EXERCISE DESCRIPTION — Only one stretch of the data below is wanted: the lines starting at the one with "#92=CARTESIAN_POINT('',(-35.,95.,6.));" and ending at the one with "#103=VERTEX_POINT('',#102);", both included, given again exactly.
═══ DATA FOR THIS EXERCISE
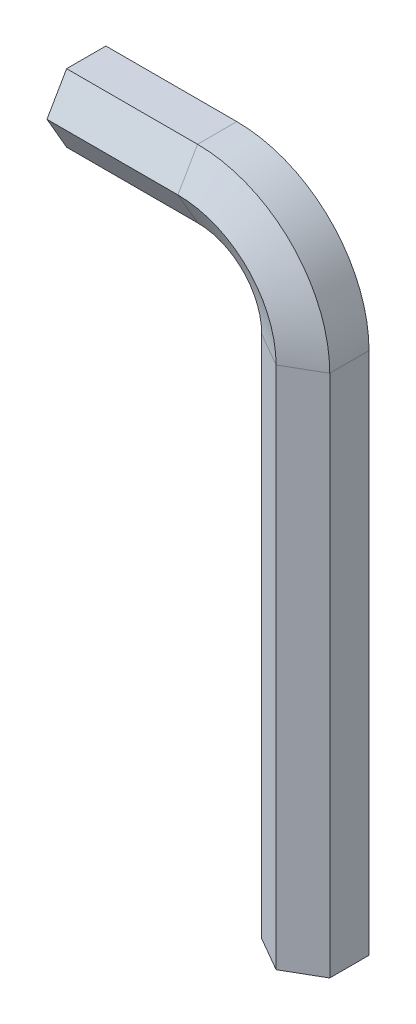
ISO-10303-21;
HEADER;
FILE_DESCRIPTION(('STEP AP214'),'2;1');
FILE_NAME('part.step','',(''),(''),'','','');
FILE_SCHEMA(('AUTOMOTIVE_DESIGN { 1 0 10303 214 1 1 1 1 }'));
ENDSEC;
DATA;
#1=APPLICATION_CONTEXT('core data for automotive mechanical design processes');
#2=APPLICATION_PROTOCOL_DEFINITION('international standard','automotive_design',2000,#1);
#3=PRODUCT_CONTEXT('',#1,'mechanical');
#4=PRODUCT('Part','Part','',(#3));
#5=PRODUCT_RELATED_PRODUCT_CATEGORY('part','',(#4));
#6=PRODUCT_DEFINITION_FORMATION('','',#4);
#7=PRODUCT_DEFINITION_CONTEXT('part definition',#1,'design');
#8=PRODUCT_DEFINITION('design','',#6,#7);
#9=PRODUCT_DEFINITION_SHAPE('','',#8);
#10=(LENGTH_UNIT() NAMED_UNIT(*) SI_UNIT(.MILLI.,.METRE.));
#11=(NAMED_UNIT(*) PLANE_ANGLE_UNIT() SI_UNIT($,.RADIAN.));
#12=(NAMED_UNIT(*) SI_UNIT($,.STERADIAN.) SOLID_ANGLE_UNIT());
#13=UNCERTAINTY_MEASURE_WITH_UNIT(LENGTH_MEASURE(1.E-05),#10,'distance_accuracy_value','');
#14=(GEOMETRIC_REPRESENTATION_CONTEXT(3) GLOBAL_UNCERTAINTY_ASSIGNED_CONTEXT((#13)) GLOBAL_UNIT_ASSIGNED_CONTEXT((#10,
#11,#12)) REPRESENTATION_CONTEXT('',''));
#15=CARTESIAN_POINT('',(0.,0.,0.));
#16=DIRECTION('',(0.,0.,1.));
#17=DIRECTION('',(1.,0.,0.));
#18=AXIS2_PLACEMENT_3D('',#15,#16,#17);
#19=CARTESIAN_POINT('',(-95.,0.,0.));
#20=DIRECTION('',(0.,1.,0.));
#21=DIRECTION('',(0.,0.,1.));
#22=AXIS2_PLACEMENT_3D('',#19,#20,#21);
#23=PLANE('',#22);
#24=DIRECTION('',(0.866025403784439,0.,0.5));
#25=VECTOR('',#24,1.);
#26=CARTESIAN_POINT('',(-5.19615242270663,0.,3.));
#27=LINE('',#26,#25);
#28=CARTESIAN_POINT('',(-5.19615242270663,0.,3.));
#29=VERTEX_POINT('',#28);
#30=CARTESIAN_POINT('',(0.,0.,6.));
#31=VERTEX_POINT('',#30);
#32=EDGE_CURVE('E196',#29,#31,#27,.T.);
#33=ORIENTED_EDGE('',*,*,#32,.F.);
#34=DIRECTION('',(0.,0.,1.));
#35=VECTOR('',#34,1.);
#36=CARTESIAN_POINT('',(-5.19615242270663,0.,-3.));
#37=LINE('',#36,#35);
#38=CARTESIAN_POINT('',(-5.19615242270663,0.,-3.));
#39=VERTEX_POINT('',#38);
#40=EDGE_CURVE('E258',#39,#29,#37,.T.);
#41=ORIENTED_EDGE('',*,*,#40,.F.);
#42=DIRECTION('',(-0.866025403784438,0.,0.5));
#43=VECTOR('',#42,1.);
#44=CARTESIAN_POINT('',(0.,0.,-6.));
#45=LINE('',#44,#43);
#46=CARTESIAN_POINT('',(0.,0.,-6.));
#47=VERTEX_POINT('',#46);
#48=EDGE_CURVE('E238',#47,#39,#45,.T.);
#49=ORIENTED_EDGE('',*,*,#48,.F.);
#50=DIRECTION('',(-0.866025403784438,0.,-0.5));
#51=VECTOR('',#50,1.);
#52=CARTESIAN_POINT('',(5.19615242270663,0.,-3.));
#53=LINE('',#52,#51);
#54=CARTESIAN_POINT('',(5.19615242270663,0.,-3.));
#55=VERTEX_POINT('',#54);
#56=EDGE_CURVE('E142',#55,#47,#53,.T.);
#57=ORIENTED_EDGE('',*,*,#56,.F.);
#58=DIRECTION('',(0.,0.,-1.));
#59=VECTOR('',#58,1.);
#60=CARTESIAN_POINT('',(5.19615242270663,0.,3.));
#61=LINE('',#60,#59);
#62=CARTESIAN_POINT('',(5.19615242270663,0.,3.));
#63=VERTEX_POINT('',#62);
#64=EDGE_CURVE('E146',#63,#55,#61,.T.);
#65=ORIENTED_EDGE('',*,*,#64,.F.);
#66=DIRECTION('',(0.866025403784439,0.,-0.5));
#67=VECTOR('',#66,1.);
#68=CARTESIAN_POINT('',(0.,0.,6.));
#69=LINE('',#68,#67);
#70=EDGE_CURVE('E151',#31,#63,#69,.T.);
#71=ORIENTED_EDGE('',*,*,#70,.F.);
#72=EDGE_LOOP('',(#33,#41,#49,#57,#65,#71));
#73=FACE_BOUND('',#72,.T.);
#74=ADVANCED_FACE('F40',(#73),#23,.F.);
#75=CARTESIAN_POINT('',(-35.,0.,0.));
#76=DIRECTION('',(-1.,0.,0.));
#77=DIRECTION('',(0.,0.,1.));
#78=AXIS2_PLACEMENT_3D('',#75,#76,#77);
#79=PLANE('',#78);
#80=DIRECTION('',(0.,0.866025403784439,0.5));
#81=VECTOR('',#80,1.);
#82=CARTESIAN_POINT('',(-35.,89.8038475772934,3.));
#83=LINE('',#82,#81);
#84=CARTESIAN_POINT('',(-35.,89.8038475772934,3.));
#85=VERTEX_POINT('',#84);
#86=CARTESIAN_POINT('',(-35.,95.,6.));
#87=VERTEX_POINT('',#86);
#88=EDGE_CURVE('E162',#85,#87,#83,.T.);
#89=ORIENTED_EDGE('',*,*,#88,.T.);
#90=DIRECTION('',(0.,0.866025403784439,-0.5));
#91=VECTOR('',#90,1.);
#92=CARTESIAN_POINT('',(-35.,95.,6.));
#93=LINE('',#92,#91);
#94=CARTESIAN_POINT('',(-35.,100.196152422707,3.));
#95=VERTEX_POINT('',#94);
#96=EDGE_CURVE('E165',#87,#95,#93,.T.);
#97=ORIENTED_EDGE('',*,*,#96,.T.);
#98=DIRECTION('',(0.,0.,-1.));
#99=VECTOR('',#98,1.);
#100=CARTESIAN_POINT('',(-35.,100.196152422707,3.));
#101=LINE('',#100,#99);
#102=CARTESIAN_POINT('',(-35.,100.196152422707,-3.));
#103=VERTEX_POINT('',#102);
#104=EDGE_CURVE('E216',#95,#103,#101,.T.);
#105=ORIENTED_EDGE('',*,*,#104,.T.);
#106=DIRECTION('',(0.,-0.866025403784438,-0.5));
#107=VECTOR('',#106,1.);
#108=CARTESIAN_POINT('',(-35.,100.196152422707,-3.));
#109=LINE('',#108,#107);
#110=CARTESIAN_POINT('',(-35.,95.,-6.));
#111=VERTEX_POINT('',#110);
#112=EDGE_CURVE('E60',#103,#111,#109,.T.);
#113=ORIENTED_EDGE('',*,*,#112,.T.);
#114=DIRECTION('',(0.,-0.866025403784438,0.5));
#115=VECTOR('',#114,1.);
#116=CARTESIAN_POINT('',(-35.,95.,-6.));
#117=LINE('',#116,#115);
#118=CARTESIAN_POINT('',(-35.,89.8038475772934,-3.));
#119=VERTEX_POINT('',#118);
#120=EDGE_CURVE('E54',#111,#119,#117,.T.);
#121=ORIENTED_EDGE('',*,*,#120,.T.);
#122=DIRECTION('',(0.,0.,1.));
#123=VECTOR('',#122,1.);
#124=CARTESIAN_POINT('',(-35.,89.8038475772934,-3.));
#125=LINE('',#124,#123);
#126=EDGE_CURVE('E11',#119,#85,#125,.T.);
#127=ORIENTED_EDGE('',*,*,#126,.T.);
#128=EDGE_LOOP('',(#89,#97,#105,#113,#121,#127));
#129=FACE_BOUND('',#128,.T.);
#130=ADVANCED_FACE('F164',(#129),#79,.T.);
#131=CARTESIAN_POINT('',(-5.19615242270663,0.,3.));
#132=DIRECTION('',(-0.5,0.,0.866025403784439));
#133=DIRECTION('',(0.866025403784439,0.,0.5));
#134=AXIS2_PLACEMENT_3D('',#131,#132,#133);
#135=PLANE('',#134);
#136=DIRECTION('',(0.,1.,0.));
#137=VECTOR('',#136,1.);
#138=CARTESIAN_POINT('',(0.,0.,6.));
#139=LINE('',#138,#137);
#140=CARTESIAN_POINT('',(0.,80.,6.));
#141=VERTEX_POINT('',#140);
#142=EDGE_CURVE('E202',#31,#141,#139,.T.);
#143=ORIENTED_EDGE('',*,*,#142,.T.);
#144=DIRECTION('',(0.866025403784439,0.,0.5));
#145=VECTOR('',#144,1.);
#146=CARTESIAN_POINT('',(-5.19615242270663,80.,3.));
#147=LINE('',#146,#145);
#148=CARTESIAN_POINT('',(-5.19615242270663,80.,3.));
#149=VERTEX_POINT('',#148);
#150=EDGE_CURVE('E305',#149,#141,#147,.T.);
#151=ORIENTED_EDGE('',*,*,#150,.F.);
#152=DIRECTION('',(0.,1.,0.));
#153=VECTOR('',#152,1.);
#154=CARTESIAN_POINT('',(-5.19615242270663,0.,3.));
#155=LINE('',#154,#153);
#156=EDGE_CURVE('E279',#29,#149,#155,.T.);
#157=ORIENTED_EDGE('',*,*,#156,.F.);
#158=ORIENTED_EDGE('',*,*,#32,.T.);
#159=EDGE_LOOP('',(#143,#151,#157,#158));
#160=FACE_BOUND('',#159,.T.);
#161=ADVANCED_FACE('F316',(#160),#135,.T.);
#162=CARTESIAN_POINT('',(0.,0.,6.));
#163=DIRECTION('',(0.5,0.,0.866025403784438));
#164=DIRECTION('',(0.866025403784438,0.,-0.5));
#165=AXIS2_PLACEMENT_3D('',#162,#163,#164);
#166=PLANE('',#165);
#167=DIRECTION('',(0.,1.,0.));
#168=VECTOR('',#167,1.);
#169=CARTESIAN_POINT('',(5.19615242270663,0.,3.));
#170=LINE('',#169,#168);
#171=CARTESIAN_POINT('',(5.19615242270663,80.,3.));
#172=VERTEX_POINT('',#171);
#173=EDGE_CURVE('E201',#63,#172,#170,.T.);
#174=ORIENTED_EDGE('',*,*,#173,.T.);
#175=DIRECTION('',(0.866025403784439,0.,-0.5));
#176=VECTOR('',#175,1.);
#177=CARTESIAN_POINT('',(0.,80.,6.));
#178=LINE('',#177,#176);
#179=EDGE_CURVE('E197',#141,#172,#178,.T.);
#180=ORIENTED_EDGE('',*,*,#179,.F.);
#181=ORIENTED_EDGE('',*,*,#142,.F.);
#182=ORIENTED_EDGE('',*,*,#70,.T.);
══════
SOLUTION TO THE EXERCISE —
#92=CARTESIAN_POINT('',(-35.,95.,6.));
#93=LINE('',#92,#91);
#94=CARTESIAN_POINT('',(-35.,100.196152422707,3.));
#95=VERTEX_POINT('',#94);
#96=EDGE_CURVE('E165',#87,#95,#93,.T.);
#97=ORIENTED_EDGE('',*,*,#96,.T.);
#98=DIRECTION('',(0.,0.,-1.));
#99=VECTOR('',#98,1.);
#100=CARTESIAN_POINT('',(-35.,100.196152422707,3.));
#101=LINE('',#100,#99);
#102=CARTESIAN_POINT('',(-35.,100.196152422707,-3.));
#103=VERTEX_POINT('',#102);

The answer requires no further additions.